O autarca considera que existe uma tentativa de aproveitamento político desta situação. “Tanto mais que as razões pelas quais o galardão é retirado, resultam da má qualidade da água detectada no âmbito das análises efectuadas que, como se sabe, não são responsabilidade da Junta de Freguesia. Essa é uma matéria da exclusiva responsabilidade da Câmara Municipal que, ou tem poder de intervenção, ou não tem e, neste caso, deve exigir intervenção a quem tenha esse poder. Mas nunca à Junta de Freguesia”, acusou.

José Carlos considera que a junta deve ser tratada como um parceiro, “que sempre foi e quer continuar a ser, na busca de soluções para os problemas das suas localidades e populações, em vez de ser chamada a conflitos que nunca quis e para os quais não está disponível”.  “Aliás, foi nesse espírito que a Junta de Freguesia fez chegar à Câmara Municipal um ofício, solicitando a intervenção desta na realização de algumas melhorias na Ilha do Picoto, dada a proximidade à época balnear.  E foi só nesse dia da entrega desse pedido, em 19 de Abril, que recebemos, através de uma técnica e não oficialmente, a informação quanto à perda do galardão Bandeira Azul, a qual já era do conhecimento da Câmara Municipal desde 12 de Janeiro”, acusou.

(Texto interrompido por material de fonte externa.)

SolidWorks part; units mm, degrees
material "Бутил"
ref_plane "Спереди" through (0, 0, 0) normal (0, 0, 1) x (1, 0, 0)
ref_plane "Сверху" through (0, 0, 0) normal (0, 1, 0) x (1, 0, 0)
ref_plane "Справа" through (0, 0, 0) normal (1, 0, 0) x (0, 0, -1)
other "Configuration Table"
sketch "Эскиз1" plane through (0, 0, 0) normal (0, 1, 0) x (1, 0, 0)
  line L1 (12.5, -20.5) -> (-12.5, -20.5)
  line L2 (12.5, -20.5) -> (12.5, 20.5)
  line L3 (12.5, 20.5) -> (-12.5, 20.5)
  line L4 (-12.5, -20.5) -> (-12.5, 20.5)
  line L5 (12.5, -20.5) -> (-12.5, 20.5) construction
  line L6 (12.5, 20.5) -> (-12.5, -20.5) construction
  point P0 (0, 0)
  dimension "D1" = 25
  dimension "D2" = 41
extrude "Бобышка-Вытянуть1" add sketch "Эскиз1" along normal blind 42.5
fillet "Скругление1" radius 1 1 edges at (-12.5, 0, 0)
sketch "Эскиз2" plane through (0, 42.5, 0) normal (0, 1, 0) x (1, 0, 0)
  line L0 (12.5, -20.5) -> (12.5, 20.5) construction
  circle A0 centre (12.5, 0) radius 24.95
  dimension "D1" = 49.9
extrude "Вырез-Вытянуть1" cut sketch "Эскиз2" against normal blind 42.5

“Lamentamos que o debate político para as próximas eleições autárquicas se inicie com este nível, quando todos os partidos do espectro democrático têm responsabilidades acrescidas no combate aos extremismos e à intolerância democrática.  É por isso, e para que se reponha a verdade, na sua essência, que insisto em lembrar as palavras que eu proferi sobre este assunto e que foram, simplesmente: ‘Espero que a CM de Oliveira do Hospital tome as medidas necessárias para que no próximo ano a praia volte a ter a Bandeira Azul, naquela que já foi a praia mais acessível do país’”.

O presidente da Junta da Vila de Avô insistiu que de um autarca diligente e atento aos problemas da sua freguesia espera-se exactamente que reivindique junto das entidades responsáveis a tomada das medidas adequadas a cada situação. “Foi simplesmente o que fiz, sem quaisquer referências à qualidade da água e sem pretender atingir quem quer que fosse.  E também disse que a ‘responsabilidade é dos serviços camarários que deveriam ter outra atenção’, retirando ao assunto a politização grosseira que agora o Sr. Vice-Presidente da Câmara lhe quer atribuir, por razões meramente eleitoralistas e reveladoras do desconforto que o assunto lhe causa”, rematou.